Yeah, which means they didn't let her in before they knew that she didn't have a ticket. I guess if you want to assign blame (and that seems to be what you desperately want to do) then she should have never asked the security guards anything. But I dont know what the point would be.
posted by MisantropicPainforest at 10:29 AM on May 9, 2013


the situation as it was described by Dr Jilani seems to be very racially motivated

No question about that. If her account is correct then this was a decidedly appalling incident.
posted by yoink at 10:30 AM on May 9, 2013


Why are you putting "explaining her situation" in quotes like that?
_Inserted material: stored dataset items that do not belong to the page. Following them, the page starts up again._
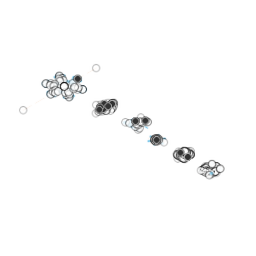
day2_sketches (Autodesk Fusion 360 design; units mm, degrees)
part number: 2026-04-13-20-48-34-590
Autodesk Fusion 360 part; units mm, degrees
(part 1 of 3)
sketch "Sketch1" plane through (0, 0, 0) normal (0, 0, 1) x (1, 0, 0)
  circle A0 centre (0, 0) radius 14
  circle A1 centre (0, 0) radius 20
  circle A2 centre (0, 0) radius 73 construction
  arc A3 (73, 0) -> (70.5126, 18.8938) centre (0, 0) ccw construction
  line L0 (0, 0) -> (73, 0) construction
  line L1 (19.3185, 5.1764) -> (34.7733, 9.3175)
  line L2 (19.3185, -5.1764) -> (34.7733, -9.3175)
  line L3 (34.7733, 9.3175) -> (73, 0)
  line L4 (34.7733, -9.3175) -> (73, 0)
  arc A4 (34.7733, -9.3175) -> (34.7733, 9.3175) centre (0, 0) ccw
  line L5 (5.1764, 19.3185) -> (9.3175, 34.7733)
  arc A5 (25.4558, 25.4558) -> (9.3175, 34.7733) centre (0, 0) ccw
  line L6 (14.1421, 14.1421) -> (25.4558, 25.4558)
  line L7 (25.4558, 25.4558) -> (36.5, 63.2199)
  line L8 (9.3175, 34.7733) -> (36.5, 63.2199)
  line L9 (-14.1421, 14.1421) -> (-25.4558, 25.4558)
  arc A6 (-9.3175, 34.7733) -> (-25.4558, 25.4558) centre (0, 0) ccw
  line L10 (-5.1764, 19.3185) -> (-9.3175, 34.7733)
  line L11 (-9.3175, 34.7733) -> (-36.5, 63.2199)
  line L12 (-25.4558, 25.4558) -> (-36.5, 63.2199)
  line L13 (-19.3185, -5.1764) -> (-34.7733, -9.3175)
  arc A7 (-34.7733, 9.3175) -> (-34.7733, -9.3175) centre (0, 0) ccw
  line L14 (-19.3185, 5.1764) -> (-34.7733, 9.3175)
  line L15 (-34.7733, 9.3175) -> (-73, 0)
  line L16 (-34.7733, -9.3175) -> (-73, 0)
  line L17 (-5.1764, -19.3185) -> (-9.3175, -34.7733)
  arc A8 (-25.4558, -25.4558) -> (-9.3175, -34.7733) centre (0, 0) ccw
  line L18 (-14.1421, -14.1421) -> (-25.4558, -25.4558)
  line L19 (-25.4558, -25.4558) -> (-36.5, -63.2199)
  line L20 (-9.3175, -34.7733) -> (-36.5, -63.2199)
  line L21 (14.1421, -14.1421) -> (25.4558, -25.4558)
  arc A9 (9.3175, -34.7733) -> (25.4558, -25.4558) centre (0, 0) ccw
  line L22 (5.1764, -19.3185) -> (9.3175, -34.7733)
  line L23 (9.3175, -34.7733) -> (36.5, -63.2199)
  line L24 (25.4558, -25.4558) -> (36.5, -63.2199)
  line L25 (300, 50) -> (350, 50) construction
  line L26 (325, 70) -> (325, 30) construction
  line L27 (300, 50) -> (300.1627, 50)
  line L28 (300.1627, 50) -> (300.1627, -30) construction
  line L29 (300.1627, -30) -> (300, -30)
  line L30 (300, -30) -> (300, 50) construction
  line L31 (260, 10) -> (370.6155, 10) construction
  arc A10 (341.6667, -42.4722) -> (308.3333, -42.4722) centre (325, -67.4166) ccw
  arc A11 (359.0765, 38.2526) -> (355.3385, 36.4191) centre (370.6155, 10) ccw
  arc A12 (300.1627, -15.0009) -> (300, -15) centre (300, -30) ccw
  arc A13 (285, -30) -> (315, -30) centre (300, -30) ccw
  arc A14 (300.1627, -20.0013) -> (300, -20) centre (300, -30) ccw
  arc A15 (290, -30) -> (310, -30) centre (300, -30) ccw
  arc A16 (340, -30) -> (360, -30) centre (350, -30) ccw
  arc A17 (335, -30) -> (365, -30) centre (350, -30) ccw
  line L32 (275, -30) -> (375, -30) construction
  arc A18 (310, -30) -> (290, -30) centre (300, -30) ccw
  arc A19 (315, -30) -> (285, -30) centre (300, -30) ccw
  arc A20 (308.3333, -17.5278) -> (341.6667, -17.5278) centre (325, 7.4166) ccw
  arc A21 (365, -30) -> (335, -30) centre (350, -30) ccw
  arc A22 (360, -30) -> (340, -30) centre (350, -30) ccw
  arc A23 (341.6667, 37.5278) -> (308.3333, 37.5278) centre (325, 12.5834) ccw
  arc A24 (308.3333, 62.4722) -> (341.6667, 62.4722) centre (325, 87.4166) ccw
  arc A25 (335, 50) -> (365, 50) centre (350, 50) ccw
  arc A26 (365, 50) -> (335, 50) centre (350, 50) ccw
  arc A27 (360, 50) -> (340, 50) centre (350, 50) ccw
  arc A28 (340, 50) -> (360, 50) centre (350, 50) ccw
  arc A29 (285, 50) -> (315, 50) centre (300, 50) ccw
  arc A30 (315, 50) -> (285, 50) centre (300, 50) ccw
  arc A31 (310, 50) -> (290, 50) centre (300, 50) ccw
  arc A32 (290, 50) -> (310, 50) centre (300, 50) ccw
  arc A33 (356.8719, 36.6667) -> (356.8719, -16.6667) centre (370.6155, 10) ccw
  arc A34 (293.1282, -16.6667) -> (293.1282, 36.6667) centre (279.3845, 10) ccw
  dimension "d7" = 360
  constraint coincident A0.centre A1.centre
  constraint concentric A1 A2
  constraint concentric A1 A4
  constraint coincident A2 A3.start
  constraint coincident A1 L2.start
  constraint coincident A1 L1.start
  constraint horizontal L25
  constraint perpendicular L25 L26
  constraint horizontal L27
  constraint vertical L28
  constraint horizontal L29
  constraint vertical L30
  constraint perpendicular L28 L31
  constraint coincident L31.end A11.centre
  constraint tangent A10 A17
  constraint tangent A10 A13
  constraint coincident A10.end A13
  constraint coincident A10.start A17
  constraint coincident L28 A12.start
  constraint coincident L30 A12.end
  constraint concentric A12 A13
  constraint coincident L28 A14.start
  constraint coincident L30 A14.end
  constraint concentric A14 A15
  constraint perpendicular L28 L32
  constraint symmetric A10.end L32 A20.start
  constraint symmetric A10.start L32 A20.end
  constraint symmetric A10 L32 A20
  constraint symmetric A13.end L32 A19.start
  constraint symmetric A17.start L32 A21.end
  constraint symmetric A13.start L32 A19.end
  constraint symmetric A13 L32 A19
  constraint symmetric A15.end L32 A18.start
  constraint symmetric A15.start L32 A18.end
  constraint symmetric A15 L32 A18
  constraint symmetric A16.end L32 A22.start
  constraint symmetric A16.start L32 A22.end
  constraint symmetric A16 L32 A22
  constraint symmetric A17.end L32 A21.start
  constraint symmetric A17 L32 A21
  constraint symmetric L31 A10.end A24.start
  constraint symmetric L31 A10.start A24.end
  constraint symmetric L31 A10 A24
  constraint symmetric L31 A13.end A29.end
  constraint symmetric L31 A17.start A25.start
  constraint symmetric L31 A13.start A29.start
  constraint symmetric L31 A13 A30
  constraint symmetric L31 A15.end A31.start
  constraint symmetric L31 A15.start A31.end
  constraint symmetric L31 A15 A31
  constraint symmetric L31 A16.end A27.start
  constraint symmetric L31 A16.start A27.end
  constraint symmetric L31 A16 A27
  constraint symmetric L31 A17.end A25.end
  constraint symmetric L31 A17 A26
  constraint symmetric L31 A18 A32
  constraint symmetric L31 A19 A29
  constraint symmetric L31 A20.end A23.start
  constraint symmetric L31 A20.start A23.end
  constraint symmetric L31 A20 A23
  constraint symmetric L31 A21 A25
  constraint symmetric L31 A22 A28
  constraint tangent A25 A33
  constraint coincident A21 A33.end
  constraint coincident A25 A33.start
  constraint coincident L31 A34.centre
  constraint tangent A29 A34
  constraint coincident A29 A34.end
  constraint coincident A19 A34.start
sketch "Sketch2" plane through (0, 0, 0) normal (0, 0, 1) x (1, 0, 0)
  line L0 (-379.9986, -15) -> (-214.9986, -15)
  line L1 (-214.9986, -15) -> (-214.9986, -5.344)
  line L2 (-219.9986, -0.344) -> (-226.0015, -0.344)
  line L3 (-379.9986, -5.344) -> (-379.9986, -15)
  arc A0 (-214.9986, -5.344) -> (-219.9986, -0.344) centre (-219.9986, -5.344) ccw
  arc A1 (-374.9986, -0.344) -> (-379.9986, -5.344) centre (-374.9986, -5.344) ccw
  circle A2 centre (-326, 69) radius 16
  circle A3 centre (-326, 69) radius 35
  line L4 (-326, 69) -> (-325.9604, 133.975) construction
  line L5 (-325.9604, 133.975) -> (-271.0015, 133.9415) construction
  circle A4 centre (-271.0015, 133.9415) radius 12
  circle A5 centre (-271.0015, 133.9415) radius 25
  line L6 (-246.0015, 133.9415) -> (-246.0015, 132)
  line L7 (-271.0015, 133.9415) -> (-241, 133.9415) construction
  line L8 (-246.0015, 133.9415) -> (-246.0015, 19.656)
  arc A6 (-246.0015, 19.656) -> (-226.0015, -0.344) centre (-226.0015, 19.656) ccw
  arc A7 (-328.4008, 103.9176) -> (-295.9182, 135.9805) centre (-330.8016, 138.8351) ccw
  line L9 (-261.0635, 111.0016) -> (-261.0635, 92.814)
  line L10 (-326, 69) -> (-180, 68.9111) construction
  line L11 (-180, 68.9111) -> (-206.1133, 68.927)
  line L12 (-290.1965, 84.814) -> (-269.0635, 84.814)
  line L13 (-290.2427, 53.1529) -> (-269.8408, 53.2148)
  line L14 (-261.777, 8.7586) -> (-261.8166, 45.2235)
  line L15 (-374.9986, -0.344) -> (-225, -0.344)
  arc A8 (-360.0045, 60.712) -> (-268.3878, 0.8714) centre (-282.2799, 79.656) ccw
  arc A9 (-268.3878, 0.8714) -> (-261.777, 8.7586) centre (-269.777, 8.7499) ccw
  arc A10 (-261.8166, 45.2235) -> (-269.8408, 53.2148) centre (-269.8166, 45.2148) ccw
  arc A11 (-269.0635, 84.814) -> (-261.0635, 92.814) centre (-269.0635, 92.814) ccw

You doubt she told them "look, I just need to get into the lobby and get my car keys from my husband"?

Sorry, should've been "explain[ing her] situation". It's, roughly, a quote from the article.
posted by Jahaza at 10:31 AM on May 9, 2013


Yeah, which means they didn't let her in before they knew that she didn't have a ticket.

That's not in her account of the incident. She approached the security guard and asked if she could go in. They said not without a ticket, which is not denying her entry, as if she had a ticket then she could have gone in. Then she explained her situation, which presumably includes the fact that she didn't have a ticket and they didn't let her in.
posted by Jahaza at 10:33 AM on May 9, 2013 [1 favorite]


[Jahaza, please take a break from this thread for a bit. Your point has been made.]
posted by jessamyn at 10:35 AM on May 9, 2013


They said not without a ticket, which is not denying her entry, as if she had a ticket then she could have gone in. Then she explained her situation, which presumably includes the fact that she didn't have a ticket and they didn't let her in.

It also includes the fact that she wasn't even trying to get into the event proper, just across the lobby to her husband so she could get her car keys from him. I notice you keep persisting in overlooking that fact and simply saying that "they didn't let her in". She wasn't even trying to get "in".